All I could say before I left was a quick 'take care of yourself' and I walked out. Better to play it cool than sappy, right? I feel like now I'm in that position she was in with her ex. When I see her act so casually towards me, It's almost as though it *didn't* mean that much to her. And, seriously, why would it? Wasn't even a year. Maybe it's better that I didn't spill my guts, and this is all in my head, and when I get over this we can be friends again. I don't know. When I walked to the train station that night, though, I looked up at the street lights as they floated overhead and, honestly, they just looked like street lights.
Monday, May 5, 2008
I guess this means I'm an ass.
Seriously, though, I still can't tell if this mobile blogging is a good or bad thing. Neat? Oh. Fo. Sho. But good? I have no idea. Is this kind of instant sharing wherever whenever the point? Or just a bastardization of it? I guess we'll find out...

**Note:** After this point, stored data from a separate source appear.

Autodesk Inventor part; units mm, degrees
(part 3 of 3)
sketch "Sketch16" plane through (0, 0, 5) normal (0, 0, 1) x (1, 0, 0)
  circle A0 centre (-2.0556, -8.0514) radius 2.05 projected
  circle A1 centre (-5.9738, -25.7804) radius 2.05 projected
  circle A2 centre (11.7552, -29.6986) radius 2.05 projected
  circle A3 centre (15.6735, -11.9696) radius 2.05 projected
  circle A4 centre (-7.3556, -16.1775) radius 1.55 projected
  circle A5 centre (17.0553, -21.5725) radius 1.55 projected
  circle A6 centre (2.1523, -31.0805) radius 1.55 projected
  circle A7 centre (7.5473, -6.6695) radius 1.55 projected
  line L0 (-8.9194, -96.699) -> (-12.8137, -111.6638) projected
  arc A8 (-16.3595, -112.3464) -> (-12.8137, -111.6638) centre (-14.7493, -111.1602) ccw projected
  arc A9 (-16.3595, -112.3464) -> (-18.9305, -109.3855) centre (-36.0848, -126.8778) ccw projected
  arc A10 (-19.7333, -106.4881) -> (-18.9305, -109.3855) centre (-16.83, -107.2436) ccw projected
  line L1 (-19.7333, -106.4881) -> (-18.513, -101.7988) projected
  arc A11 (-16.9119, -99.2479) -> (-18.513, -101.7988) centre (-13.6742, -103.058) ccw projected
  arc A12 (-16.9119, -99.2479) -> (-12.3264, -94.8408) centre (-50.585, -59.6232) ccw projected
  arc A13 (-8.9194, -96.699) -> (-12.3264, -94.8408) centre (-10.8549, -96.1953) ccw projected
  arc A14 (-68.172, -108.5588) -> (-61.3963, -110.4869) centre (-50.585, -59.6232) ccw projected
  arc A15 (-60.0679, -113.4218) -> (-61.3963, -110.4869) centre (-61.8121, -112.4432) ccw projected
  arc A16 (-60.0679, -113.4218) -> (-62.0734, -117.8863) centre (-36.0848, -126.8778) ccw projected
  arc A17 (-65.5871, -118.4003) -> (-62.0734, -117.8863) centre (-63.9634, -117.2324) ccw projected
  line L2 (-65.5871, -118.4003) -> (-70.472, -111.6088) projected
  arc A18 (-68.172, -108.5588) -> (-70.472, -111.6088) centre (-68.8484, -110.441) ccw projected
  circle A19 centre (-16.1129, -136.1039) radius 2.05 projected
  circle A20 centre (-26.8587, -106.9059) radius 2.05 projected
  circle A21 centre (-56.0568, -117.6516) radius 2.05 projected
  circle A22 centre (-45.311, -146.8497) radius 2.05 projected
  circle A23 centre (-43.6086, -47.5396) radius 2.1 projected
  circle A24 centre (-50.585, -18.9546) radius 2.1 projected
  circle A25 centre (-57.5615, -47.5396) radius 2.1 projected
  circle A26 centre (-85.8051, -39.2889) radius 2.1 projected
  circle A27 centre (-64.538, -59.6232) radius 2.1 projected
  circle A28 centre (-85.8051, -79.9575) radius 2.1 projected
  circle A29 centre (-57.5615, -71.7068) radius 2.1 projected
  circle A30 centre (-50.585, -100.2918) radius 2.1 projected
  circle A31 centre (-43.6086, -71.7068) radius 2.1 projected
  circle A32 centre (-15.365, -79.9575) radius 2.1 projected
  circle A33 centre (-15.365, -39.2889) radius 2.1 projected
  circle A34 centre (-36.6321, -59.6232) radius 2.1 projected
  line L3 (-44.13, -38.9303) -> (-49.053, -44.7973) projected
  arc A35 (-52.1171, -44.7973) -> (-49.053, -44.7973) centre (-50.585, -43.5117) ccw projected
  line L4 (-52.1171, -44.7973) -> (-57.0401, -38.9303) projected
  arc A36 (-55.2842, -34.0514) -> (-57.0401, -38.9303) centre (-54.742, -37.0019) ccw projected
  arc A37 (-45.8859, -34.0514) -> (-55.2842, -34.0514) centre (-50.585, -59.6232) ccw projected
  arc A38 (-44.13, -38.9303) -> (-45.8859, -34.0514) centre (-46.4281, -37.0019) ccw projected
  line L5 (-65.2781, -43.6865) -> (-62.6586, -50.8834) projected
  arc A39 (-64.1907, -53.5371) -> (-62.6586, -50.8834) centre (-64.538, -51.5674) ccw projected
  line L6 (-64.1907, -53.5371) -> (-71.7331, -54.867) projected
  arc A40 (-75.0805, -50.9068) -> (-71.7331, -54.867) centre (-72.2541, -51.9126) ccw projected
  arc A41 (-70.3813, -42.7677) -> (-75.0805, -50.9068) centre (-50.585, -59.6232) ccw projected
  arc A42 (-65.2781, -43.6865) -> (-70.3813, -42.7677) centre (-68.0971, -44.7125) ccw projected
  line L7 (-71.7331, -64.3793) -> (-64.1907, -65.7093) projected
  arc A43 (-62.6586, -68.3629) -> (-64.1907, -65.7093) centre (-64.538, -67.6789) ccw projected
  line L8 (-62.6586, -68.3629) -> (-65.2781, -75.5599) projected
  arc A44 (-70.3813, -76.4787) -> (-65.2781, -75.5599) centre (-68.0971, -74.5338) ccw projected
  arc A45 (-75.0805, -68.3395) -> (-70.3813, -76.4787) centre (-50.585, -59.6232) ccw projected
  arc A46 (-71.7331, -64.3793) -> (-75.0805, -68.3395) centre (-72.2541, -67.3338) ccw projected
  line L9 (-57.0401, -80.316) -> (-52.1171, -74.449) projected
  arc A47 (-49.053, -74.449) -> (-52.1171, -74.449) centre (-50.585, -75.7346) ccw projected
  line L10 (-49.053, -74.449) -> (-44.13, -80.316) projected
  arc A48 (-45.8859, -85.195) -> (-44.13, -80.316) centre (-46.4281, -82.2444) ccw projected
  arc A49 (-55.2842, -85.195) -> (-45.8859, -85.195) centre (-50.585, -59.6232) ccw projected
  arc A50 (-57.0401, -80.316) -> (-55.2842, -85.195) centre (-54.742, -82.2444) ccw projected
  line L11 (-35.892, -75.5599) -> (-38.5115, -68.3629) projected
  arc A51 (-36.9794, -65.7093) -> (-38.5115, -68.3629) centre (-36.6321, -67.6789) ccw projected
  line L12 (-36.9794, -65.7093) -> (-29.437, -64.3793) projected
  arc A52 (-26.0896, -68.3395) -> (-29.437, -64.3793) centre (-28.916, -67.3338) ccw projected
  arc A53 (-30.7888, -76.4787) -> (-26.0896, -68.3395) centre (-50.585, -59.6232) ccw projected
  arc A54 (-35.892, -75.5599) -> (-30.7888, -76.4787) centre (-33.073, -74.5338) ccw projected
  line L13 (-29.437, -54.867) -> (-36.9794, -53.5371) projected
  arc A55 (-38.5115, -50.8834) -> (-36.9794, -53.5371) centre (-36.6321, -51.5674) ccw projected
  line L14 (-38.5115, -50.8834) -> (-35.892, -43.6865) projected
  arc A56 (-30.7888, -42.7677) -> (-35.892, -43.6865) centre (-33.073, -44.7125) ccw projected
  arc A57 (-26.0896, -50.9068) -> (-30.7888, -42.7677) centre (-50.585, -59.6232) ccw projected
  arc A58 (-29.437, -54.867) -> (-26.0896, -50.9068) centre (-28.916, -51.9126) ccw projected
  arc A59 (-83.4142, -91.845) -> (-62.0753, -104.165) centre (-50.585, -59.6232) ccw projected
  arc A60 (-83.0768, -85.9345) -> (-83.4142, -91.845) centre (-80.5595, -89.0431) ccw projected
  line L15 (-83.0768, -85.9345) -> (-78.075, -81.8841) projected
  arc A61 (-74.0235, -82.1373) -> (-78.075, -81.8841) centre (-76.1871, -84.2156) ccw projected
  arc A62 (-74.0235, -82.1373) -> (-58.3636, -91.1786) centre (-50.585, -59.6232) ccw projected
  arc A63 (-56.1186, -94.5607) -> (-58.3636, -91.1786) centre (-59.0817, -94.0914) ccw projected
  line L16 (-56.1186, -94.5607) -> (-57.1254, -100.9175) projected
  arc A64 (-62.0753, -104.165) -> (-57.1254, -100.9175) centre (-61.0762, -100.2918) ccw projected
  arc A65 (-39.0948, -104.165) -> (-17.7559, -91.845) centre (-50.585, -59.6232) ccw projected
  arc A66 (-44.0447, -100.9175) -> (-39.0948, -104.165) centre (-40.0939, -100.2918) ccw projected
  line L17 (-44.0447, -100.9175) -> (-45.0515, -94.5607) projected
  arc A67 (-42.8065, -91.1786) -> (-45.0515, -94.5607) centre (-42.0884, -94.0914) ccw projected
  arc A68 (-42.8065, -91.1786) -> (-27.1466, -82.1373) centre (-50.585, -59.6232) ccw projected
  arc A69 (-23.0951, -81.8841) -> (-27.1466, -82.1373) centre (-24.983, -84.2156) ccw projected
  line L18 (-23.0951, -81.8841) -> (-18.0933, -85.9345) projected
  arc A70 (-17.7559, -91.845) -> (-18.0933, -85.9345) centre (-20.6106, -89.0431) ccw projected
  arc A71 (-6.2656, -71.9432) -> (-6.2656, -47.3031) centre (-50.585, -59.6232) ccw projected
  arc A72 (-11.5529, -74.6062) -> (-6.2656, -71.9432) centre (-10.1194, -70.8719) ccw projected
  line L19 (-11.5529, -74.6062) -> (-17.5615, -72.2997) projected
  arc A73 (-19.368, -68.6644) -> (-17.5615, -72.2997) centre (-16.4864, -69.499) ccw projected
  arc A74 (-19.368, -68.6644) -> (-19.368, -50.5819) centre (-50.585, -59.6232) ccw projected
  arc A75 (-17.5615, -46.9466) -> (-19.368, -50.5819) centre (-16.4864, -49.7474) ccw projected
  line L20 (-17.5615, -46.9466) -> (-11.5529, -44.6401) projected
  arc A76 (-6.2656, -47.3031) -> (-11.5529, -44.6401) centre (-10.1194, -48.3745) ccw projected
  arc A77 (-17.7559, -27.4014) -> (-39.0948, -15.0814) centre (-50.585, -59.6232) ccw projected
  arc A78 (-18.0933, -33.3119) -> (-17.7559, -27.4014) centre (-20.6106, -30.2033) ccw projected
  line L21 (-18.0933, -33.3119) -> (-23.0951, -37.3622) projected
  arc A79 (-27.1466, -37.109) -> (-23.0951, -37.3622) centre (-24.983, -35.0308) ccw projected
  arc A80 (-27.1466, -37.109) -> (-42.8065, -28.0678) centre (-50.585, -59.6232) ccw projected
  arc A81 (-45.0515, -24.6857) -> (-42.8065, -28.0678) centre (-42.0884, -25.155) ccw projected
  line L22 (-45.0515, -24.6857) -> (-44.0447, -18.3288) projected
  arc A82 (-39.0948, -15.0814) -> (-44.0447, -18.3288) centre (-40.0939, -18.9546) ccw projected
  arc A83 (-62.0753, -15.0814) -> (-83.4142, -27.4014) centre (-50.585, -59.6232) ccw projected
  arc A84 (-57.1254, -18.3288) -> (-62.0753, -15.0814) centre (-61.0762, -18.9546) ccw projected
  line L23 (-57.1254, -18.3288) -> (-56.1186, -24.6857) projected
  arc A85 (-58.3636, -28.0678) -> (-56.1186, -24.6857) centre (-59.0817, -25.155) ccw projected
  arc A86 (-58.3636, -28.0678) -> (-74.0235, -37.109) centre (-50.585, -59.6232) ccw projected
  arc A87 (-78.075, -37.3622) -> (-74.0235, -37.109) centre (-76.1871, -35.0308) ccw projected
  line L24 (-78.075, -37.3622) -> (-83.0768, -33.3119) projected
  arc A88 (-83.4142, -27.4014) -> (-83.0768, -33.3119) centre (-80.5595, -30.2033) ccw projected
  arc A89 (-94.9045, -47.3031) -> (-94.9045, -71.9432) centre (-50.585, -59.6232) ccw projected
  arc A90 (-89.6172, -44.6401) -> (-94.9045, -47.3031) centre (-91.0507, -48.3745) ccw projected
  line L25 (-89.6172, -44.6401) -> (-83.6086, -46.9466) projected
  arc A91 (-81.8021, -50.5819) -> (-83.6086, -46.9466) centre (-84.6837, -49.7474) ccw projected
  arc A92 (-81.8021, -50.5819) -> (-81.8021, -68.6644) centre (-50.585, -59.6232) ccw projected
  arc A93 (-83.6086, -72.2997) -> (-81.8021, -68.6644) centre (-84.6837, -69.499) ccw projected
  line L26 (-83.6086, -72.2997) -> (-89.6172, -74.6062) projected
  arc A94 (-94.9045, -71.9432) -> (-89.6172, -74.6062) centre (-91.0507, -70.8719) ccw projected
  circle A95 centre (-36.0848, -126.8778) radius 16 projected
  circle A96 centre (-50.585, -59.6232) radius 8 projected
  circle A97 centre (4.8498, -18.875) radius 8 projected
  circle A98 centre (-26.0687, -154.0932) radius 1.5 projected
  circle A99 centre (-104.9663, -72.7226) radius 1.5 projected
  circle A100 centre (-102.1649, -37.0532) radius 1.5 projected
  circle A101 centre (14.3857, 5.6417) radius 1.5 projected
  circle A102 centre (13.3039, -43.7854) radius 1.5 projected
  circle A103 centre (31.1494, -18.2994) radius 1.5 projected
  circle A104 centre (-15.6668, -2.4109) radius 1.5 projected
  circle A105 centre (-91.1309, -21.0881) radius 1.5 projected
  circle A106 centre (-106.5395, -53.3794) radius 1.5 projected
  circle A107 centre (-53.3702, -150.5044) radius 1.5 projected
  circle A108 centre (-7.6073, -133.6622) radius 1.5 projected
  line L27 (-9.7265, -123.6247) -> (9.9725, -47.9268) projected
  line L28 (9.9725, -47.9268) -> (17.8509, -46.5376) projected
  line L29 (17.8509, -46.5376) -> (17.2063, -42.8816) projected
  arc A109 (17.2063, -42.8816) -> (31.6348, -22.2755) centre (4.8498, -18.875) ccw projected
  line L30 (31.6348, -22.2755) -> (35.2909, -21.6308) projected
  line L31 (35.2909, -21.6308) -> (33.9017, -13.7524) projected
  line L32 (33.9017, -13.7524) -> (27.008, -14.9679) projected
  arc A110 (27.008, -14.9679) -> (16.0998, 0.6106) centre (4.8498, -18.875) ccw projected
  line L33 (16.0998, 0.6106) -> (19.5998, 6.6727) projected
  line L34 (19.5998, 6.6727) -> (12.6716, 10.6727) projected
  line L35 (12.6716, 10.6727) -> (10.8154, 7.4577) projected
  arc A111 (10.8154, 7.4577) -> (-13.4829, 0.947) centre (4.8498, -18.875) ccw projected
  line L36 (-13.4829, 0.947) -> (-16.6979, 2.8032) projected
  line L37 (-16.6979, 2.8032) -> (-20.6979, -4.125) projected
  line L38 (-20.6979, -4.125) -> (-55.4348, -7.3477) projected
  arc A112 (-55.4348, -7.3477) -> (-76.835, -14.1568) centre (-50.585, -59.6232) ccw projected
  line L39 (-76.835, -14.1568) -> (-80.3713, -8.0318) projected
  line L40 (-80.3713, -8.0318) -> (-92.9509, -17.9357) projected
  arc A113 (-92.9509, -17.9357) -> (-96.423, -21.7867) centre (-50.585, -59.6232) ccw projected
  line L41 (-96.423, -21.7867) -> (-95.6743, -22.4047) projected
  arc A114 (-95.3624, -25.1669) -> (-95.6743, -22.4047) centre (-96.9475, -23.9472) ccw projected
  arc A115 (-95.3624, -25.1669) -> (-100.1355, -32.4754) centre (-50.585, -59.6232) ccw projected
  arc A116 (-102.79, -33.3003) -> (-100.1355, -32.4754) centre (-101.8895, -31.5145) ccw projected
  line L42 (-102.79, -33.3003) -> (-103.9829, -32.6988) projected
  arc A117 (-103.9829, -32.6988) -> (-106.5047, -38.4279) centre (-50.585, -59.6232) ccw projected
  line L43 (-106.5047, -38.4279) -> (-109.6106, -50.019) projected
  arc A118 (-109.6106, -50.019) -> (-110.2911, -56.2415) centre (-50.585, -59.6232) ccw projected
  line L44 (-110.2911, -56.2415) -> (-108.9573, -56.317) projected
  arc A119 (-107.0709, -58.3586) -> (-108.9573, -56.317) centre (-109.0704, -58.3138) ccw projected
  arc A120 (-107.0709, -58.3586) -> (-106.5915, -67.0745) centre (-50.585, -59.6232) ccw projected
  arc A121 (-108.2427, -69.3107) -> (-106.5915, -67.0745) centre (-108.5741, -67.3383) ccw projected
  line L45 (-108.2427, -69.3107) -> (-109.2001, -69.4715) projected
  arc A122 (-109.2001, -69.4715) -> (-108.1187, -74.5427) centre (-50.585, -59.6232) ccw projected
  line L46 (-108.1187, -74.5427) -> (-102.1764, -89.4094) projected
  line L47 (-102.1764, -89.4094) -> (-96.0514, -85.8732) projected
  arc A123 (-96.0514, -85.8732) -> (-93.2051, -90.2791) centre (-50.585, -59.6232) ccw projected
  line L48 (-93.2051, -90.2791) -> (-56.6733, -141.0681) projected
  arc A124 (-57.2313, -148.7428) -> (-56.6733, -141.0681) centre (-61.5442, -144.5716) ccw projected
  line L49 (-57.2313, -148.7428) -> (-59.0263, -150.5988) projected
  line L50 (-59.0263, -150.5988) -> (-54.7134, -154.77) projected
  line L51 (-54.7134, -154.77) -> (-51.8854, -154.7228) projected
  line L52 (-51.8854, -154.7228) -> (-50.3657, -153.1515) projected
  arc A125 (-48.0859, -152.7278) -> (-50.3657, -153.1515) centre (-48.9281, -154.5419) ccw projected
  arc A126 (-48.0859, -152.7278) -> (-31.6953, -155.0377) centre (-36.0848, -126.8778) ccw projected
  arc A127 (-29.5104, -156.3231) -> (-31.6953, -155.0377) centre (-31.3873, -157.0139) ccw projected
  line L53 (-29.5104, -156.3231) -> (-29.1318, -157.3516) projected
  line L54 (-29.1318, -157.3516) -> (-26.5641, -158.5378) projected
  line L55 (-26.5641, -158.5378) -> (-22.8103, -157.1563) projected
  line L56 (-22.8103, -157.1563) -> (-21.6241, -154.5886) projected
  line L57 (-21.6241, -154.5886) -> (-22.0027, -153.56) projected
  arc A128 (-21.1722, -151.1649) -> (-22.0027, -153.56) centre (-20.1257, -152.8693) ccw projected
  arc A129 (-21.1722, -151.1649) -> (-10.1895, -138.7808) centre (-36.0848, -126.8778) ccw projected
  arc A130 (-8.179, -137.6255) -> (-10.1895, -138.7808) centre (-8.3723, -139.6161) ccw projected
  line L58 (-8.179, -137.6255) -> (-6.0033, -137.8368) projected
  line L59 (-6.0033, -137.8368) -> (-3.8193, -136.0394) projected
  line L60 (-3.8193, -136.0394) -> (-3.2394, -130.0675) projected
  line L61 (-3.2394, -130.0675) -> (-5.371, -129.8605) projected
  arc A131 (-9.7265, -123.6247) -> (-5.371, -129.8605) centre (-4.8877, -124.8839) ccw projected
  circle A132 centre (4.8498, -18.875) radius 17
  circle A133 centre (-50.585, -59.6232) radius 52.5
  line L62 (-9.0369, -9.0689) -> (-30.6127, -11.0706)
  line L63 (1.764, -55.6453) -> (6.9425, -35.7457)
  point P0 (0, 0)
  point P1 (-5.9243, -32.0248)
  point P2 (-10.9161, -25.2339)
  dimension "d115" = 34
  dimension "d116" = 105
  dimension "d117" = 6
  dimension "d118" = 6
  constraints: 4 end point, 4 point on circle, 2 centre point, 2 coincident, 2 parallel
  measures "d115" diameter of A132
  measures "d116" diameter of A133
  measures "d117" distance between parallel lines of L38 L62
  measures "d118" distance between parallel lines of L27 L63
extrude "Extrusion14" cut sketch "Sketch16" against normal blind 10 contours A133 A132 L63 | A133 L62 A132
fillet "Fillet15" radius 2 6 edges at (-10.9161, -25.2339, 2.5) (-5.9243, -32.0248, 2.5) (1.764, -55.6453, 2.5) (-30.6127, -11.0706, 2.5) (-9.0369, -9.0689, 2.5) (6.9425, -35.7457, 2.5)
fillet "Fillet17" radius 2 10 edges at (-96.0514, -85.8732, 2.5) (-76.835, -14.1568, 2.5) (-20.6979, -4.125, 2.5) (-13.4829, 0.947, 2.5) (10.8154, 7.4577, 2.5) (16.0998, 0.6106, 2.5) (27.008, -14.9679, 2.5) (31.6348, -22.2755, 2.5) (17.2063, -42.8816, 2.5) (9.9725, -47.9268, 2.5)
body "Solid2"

Cyber-crapping on the move...
Just set this up... Mobile blogging. Next thing you know I'll be dragging my cyber friends to a virtual toilet while I crap in real-time. Word.
My Great Failure
So, it's been a while since I've posted anything, mostly because, well, I've had little to say. It's not that things haven't been happening, life continues to move forward with an almost imperceptible tempo, but I just haven't been compelled to commentary, I guess. But that changes here. My father suggested that I continue to write and post something, anything, if only to make an effort to mark my days, and as always, it's good advice. He and my mother just recently moved to the Philippines, half way across the globe on a small island paradise. My mother is ill, and with the mounting medical bills and the ever looming recession creeping into the American economic system, it was the right move. They can stretch their social security money there and afford to have some in home help so my dad didn't have to bear the sole responsibility of my mom's care, which I can only imagine was difficult at best, heartbreaking at worse. There they are, just retired and looking to enjoy the much deserved relaxation they've been working their entire lives for and, boom. A mysterious, debilitating disease hits my mom and my dad has to watch the woman he loves slowly deteriorate in front of him. He's a strong man, and he took the responsibility in a stride that can only come from a deep and abiding faith in knowing what's right and good and decent. He has his flaws, but when I think about what he's going through and the pain and stress he has to carry everyday, it breaks my heart. I'm proud of my dad. He's the type of man I hope to become someday, but with what's happening, I can't help but note the stark differences. I didn't call much while they were still in the states. I didn't visit as often as I could have. I couldn't. While he sees her everyday and compares his 36 years of marriage behind them to the few years ahead of them, I could barely handle hearing her weak and quiet voice on the phone without being overwhelmed. I distanced myself from their suffering knowing I was abandoning them, leaving them to do this without me because it was too much for me. It's terrible. I failed. And I continue to do so.